§ ABOUT THIS EXERCISE
Reproduce the entries shown below only from the line with "#73=ORIENTED_EDGE('',*,*,#72,.F.);" down to the line with "#88=EDGE_CURVE('E314',#79,#87,#85,.T.);", keeping both end lines and copying each one exactly.
+++ DATA UNDER STUDY +++
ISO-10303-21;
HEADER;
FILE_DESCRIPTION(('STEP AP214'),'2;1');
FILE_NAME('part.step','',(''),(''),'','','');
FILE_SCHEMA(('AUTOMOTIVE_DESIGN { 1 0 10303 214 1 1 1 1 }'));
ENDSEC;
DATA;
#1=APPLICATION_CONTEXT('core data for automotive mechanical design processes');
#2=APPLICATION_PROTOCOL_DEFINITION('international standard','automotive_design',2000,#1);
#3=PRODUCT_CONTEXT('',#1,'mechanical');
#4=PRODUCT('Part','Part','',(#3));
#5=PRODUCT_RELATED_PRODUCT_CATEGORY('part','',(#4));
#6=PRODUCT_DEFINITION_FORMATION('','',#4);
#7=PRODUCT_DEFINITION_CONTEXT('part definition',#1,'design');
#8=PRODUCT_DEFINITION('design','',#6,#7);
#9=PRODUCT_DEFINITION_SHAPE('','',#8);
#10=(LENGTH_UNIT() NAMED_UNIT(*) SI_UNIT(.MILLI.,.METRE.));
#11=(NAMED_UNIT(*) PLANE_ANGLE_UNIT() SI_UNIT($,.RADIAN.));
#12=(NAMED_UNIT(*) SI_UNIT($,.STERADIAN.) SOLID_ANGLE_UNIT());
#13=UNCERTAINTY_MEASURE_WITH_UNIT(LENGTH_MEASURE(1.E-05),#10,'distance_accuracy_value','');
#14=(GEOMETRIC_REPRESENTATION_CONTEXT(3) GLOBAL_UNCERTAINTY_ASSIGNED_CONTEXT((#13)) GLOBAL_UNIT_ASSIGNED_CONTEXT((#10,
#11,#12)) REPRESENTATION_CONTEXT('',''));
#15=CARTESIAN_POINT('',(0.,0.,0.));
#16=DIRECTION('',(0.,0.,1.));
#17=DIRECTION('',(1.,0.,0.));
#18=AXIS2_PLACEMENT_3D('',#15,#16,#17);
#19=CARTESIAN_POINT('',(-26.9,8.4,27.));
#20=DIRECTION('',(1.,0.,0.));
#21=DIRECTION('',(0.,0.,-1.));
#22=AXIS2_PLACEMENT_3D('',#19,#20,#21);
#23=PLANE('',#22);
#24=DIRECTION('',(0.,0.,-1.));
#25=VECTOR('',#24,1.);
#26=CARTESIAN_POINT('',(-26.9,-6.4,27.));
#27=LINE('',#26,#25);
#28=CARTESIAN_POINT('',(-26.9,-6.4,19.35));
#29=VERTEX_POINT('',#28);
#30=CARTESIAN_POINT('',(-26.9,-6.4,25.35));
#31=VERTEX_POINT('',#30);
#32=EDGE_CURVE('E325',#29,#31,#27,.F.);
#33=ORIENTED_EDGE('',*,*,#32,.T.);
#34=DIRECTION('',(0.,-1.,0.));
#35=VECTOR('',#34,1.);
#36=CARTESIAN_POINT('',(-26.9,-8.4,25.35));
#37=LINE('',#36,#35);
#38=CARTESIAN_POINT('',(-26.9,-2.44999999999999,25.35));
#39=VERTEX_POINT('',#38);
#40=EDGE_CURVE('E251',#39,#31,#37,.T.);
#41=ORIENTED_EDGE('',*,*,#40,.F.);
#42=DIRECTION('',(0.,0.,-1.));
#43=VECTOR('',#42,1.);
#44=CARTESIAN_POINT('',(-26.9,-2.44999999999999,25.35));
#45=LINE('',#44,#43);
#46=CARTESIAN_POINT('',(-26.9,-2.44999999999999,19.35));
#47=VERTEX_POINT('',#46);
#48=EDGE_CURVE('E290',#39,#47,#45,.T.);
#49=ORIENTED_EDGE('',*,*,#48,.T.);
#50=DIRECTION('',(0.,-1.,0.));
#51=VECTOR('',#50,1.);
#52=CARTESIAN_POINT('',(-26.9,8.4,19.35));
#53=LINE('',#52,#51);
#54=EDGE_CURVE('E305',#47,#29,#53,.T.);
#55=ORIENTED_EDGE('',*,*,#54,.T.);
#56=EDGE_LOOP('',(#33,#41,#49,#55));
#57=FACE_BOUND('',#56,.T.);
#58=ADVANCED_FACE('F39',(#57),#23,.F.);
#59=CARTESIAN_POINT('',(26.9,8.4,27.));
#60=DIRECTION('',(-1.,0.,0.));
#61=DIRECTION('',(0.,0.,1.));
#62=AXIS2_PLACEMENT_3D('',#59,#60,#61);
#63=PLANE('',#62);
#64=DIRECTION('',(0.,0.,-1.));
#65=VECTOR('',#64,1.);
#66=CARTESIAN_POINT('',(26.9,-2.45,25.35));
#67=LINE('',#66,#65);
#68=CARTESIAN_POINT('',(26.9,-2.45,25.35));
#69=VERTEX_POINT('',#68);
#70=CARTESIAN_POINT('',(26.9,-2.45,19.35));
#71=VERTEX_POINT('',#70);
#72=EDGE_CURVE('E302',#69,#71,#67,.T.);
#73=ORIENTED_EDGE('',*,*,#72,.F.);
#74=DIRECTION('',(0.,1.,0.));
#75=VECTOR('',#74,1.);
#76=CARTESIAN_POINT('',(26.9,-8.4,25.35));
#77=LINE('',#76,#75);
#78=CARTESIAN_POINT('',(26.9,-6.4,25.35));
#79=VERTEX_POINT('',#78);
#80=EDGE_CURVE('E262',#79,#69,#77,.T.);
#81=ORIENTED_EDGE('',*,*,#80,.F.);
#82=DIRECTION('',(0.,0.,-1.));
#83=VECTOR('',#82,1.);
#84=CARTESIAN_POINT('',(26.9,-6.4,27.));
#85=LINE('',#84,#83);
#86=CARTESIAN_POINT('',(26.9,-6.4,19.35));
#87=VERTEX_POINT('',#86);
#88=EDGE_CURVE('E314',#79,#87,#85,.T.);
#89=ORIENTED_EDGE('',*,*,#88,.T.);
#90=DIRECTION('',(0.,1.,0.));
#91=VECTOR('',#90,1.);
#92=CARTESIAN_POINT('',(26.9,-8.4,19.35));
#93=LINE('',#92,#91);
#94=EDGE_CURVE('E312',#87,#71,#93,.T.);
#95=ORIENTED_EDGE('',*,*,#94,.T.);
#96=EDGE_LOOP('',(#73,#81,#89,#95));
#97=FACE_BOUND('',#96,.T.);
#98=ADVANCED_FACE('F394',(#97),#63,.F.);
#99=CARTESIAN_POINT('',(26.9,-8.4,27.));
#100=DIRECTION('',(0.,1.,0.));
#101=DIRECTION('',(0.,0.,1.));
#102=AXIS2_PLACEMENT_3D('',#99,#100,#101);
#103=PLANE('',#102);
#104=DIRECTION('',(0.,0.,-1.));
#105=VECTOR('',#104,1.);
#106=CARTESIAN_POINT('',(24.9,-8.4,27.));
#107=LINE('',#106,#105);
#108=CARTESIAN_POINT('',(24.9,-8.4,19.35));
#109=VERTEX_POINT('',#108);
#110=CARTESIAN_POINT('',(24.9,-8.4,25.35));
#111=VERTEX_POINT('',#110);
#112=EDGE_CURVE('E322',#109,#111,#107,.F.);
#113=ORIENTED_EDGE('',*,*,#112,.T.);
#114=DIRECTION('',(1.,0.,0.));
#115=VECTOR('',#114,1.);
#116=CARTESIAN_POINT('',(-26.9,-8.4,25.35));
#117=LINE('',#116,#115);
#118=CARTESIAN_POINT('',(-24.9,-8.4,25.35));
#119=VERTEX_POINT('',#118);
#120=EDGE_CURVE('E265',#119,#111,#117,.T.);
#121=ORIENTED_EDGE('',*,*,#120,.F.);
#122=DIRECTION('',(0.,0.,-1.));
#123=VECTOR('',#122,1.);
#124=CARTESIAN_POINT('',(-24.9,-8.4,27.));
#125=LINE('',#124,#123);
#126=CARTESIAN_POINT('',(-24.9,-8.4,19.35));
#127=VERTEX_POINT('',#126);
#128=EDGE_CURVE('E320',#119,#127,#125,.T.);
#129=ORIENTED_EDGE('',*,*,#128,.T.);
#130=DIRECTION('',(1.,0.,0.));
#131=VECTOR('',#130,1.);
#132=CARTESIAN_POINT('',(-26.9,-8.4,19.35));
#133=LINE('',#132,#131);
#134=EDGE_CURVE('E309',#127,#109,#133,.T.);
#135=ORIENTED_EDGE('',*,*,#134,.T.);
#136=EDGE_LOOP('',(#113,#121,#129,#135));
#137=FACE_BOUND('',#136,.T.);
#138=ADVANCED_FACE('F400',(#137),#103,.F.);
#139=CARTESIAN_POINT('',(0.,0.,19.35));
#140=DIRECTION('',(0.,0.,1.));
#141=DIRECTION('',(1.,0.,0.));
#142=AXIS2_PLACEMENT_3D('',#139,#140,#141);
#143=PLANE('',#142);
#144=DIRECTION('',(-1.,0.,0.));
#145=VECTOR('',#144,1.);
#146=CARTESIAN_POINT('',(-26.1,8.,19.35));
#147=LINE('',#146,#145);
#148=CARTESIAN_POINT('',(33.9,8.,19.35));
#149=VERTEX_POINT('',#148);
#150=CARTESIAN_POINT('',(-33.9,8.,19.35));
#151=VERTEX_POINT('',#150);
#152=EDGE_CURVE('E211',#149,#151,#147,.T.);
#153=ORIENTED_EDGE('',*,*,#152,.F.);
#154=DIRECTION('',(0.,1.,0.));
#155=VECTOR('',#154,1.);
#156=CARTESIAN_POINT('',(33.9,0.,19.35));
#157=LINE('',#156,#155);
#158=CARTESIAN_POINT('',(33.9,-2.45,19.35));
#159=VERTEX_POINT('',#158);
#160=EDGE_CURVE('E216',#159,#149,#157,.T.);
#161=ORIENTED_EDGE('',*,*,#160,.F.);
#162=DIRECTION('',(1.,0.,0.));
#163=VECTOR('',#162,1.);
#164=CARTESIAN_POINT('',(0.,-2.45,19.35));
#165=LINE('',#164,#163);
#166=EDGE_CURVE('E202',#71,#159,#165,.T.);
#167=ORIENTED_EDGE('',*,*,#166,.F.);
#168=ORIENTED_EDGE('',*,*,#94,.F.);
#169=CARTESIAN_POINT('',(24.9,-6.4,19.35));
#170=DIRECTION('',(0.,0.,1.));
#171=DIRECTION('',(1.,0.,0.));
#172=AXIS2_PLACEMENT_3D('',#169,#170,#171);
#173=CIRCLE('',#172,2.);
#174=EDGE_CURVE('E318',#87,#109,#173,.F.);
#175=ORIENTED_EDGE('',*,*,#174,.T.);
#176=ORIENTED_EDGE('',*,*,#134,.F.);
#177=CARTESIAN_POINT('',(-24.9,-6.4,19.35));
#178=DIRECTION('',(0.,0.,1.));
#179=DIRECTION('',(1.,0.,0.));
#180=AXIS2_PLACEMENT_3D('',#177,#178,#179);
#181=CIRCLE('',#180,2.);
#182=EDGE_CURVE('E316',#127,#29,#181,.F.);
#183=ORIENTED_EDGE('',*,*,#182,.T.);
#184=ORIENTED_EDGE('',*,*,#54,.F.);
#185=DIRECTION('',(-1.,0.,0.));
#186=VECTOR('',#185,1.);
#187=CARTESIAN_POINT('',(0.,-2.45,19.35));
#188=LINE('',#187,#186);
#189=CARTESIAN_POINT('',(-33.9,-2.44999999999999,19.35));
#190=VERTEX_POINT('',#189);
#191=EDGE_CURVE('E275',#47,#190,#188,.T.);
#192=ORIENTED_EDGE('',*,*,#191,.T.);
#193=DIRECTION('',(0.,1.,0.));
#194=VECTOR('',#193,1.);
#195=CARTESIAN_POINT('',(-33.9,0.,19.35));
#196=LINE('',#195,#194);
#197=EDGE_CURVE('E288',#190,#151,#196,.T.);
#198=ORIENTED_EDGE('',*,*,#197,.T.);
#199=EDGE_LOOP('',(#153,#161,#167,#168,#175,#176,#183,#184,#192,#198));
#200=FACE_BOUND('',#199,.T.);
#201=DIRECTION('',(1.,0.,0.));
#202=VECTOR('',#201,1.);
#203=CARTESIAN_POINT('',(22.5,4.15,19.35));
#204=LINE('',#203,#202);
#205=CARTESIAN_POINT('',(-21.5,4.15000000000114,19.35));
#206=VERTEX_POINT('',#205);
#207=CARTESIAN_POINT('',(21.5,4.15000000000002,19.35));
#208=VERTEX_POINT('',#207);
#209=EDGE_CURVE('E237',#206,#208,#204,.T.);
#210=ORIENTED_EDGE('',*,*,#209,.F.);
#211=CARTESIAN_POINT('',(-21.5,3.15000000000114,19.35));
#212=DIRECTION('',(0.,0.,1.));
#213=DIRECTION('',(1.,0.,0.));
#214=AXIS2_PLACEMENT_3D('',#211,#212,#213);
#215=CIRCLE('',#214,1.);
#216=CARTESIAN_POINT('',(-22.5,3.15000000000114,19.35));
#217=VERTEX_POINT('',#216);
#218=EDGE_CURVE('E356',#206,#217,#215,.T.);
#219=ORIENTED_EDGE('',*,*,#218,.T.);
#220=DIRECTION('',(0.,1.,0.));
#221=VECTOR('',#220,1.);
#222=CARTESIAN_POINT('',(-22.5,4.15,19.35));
+++
§ ANSWER FOR THIS EXERCISE
#73=ORIENTED_EDGE('',*,*,#72,.F.);
#74=DIRECTION('',(0.,1.,0.));
#75=VECTOR('',#74,1.);
#76=CARTESIAN_POINT('',(26.9,-8.4,25.35));
#77=LINE('',#76,#75);
#78=CARTESIAN_POINT('',(26.9,-6.4,25.35));
#79=VERTEX_POINT('',#78);
#80=EDGE_CURVE('E262',#79,#69,#77,.T.);
#81=ORIENTED_EDGE('',*,*,#80,.F.);
#82=DIRECTION('',(0.,0.,-1.));
#83=VECTOR('',#82,1.);
#84=CARTESIAN_POINT('',(26.9,-6.4,27.));
#85=LINE('',#84,#83);
#86=CARTESIAN_POINT('',(26.9,-6.4,19.35));
#87=VERTEX_POINT('',#86);
#88=EDGE_CURVE('E314',#79,#87,#85,.T.);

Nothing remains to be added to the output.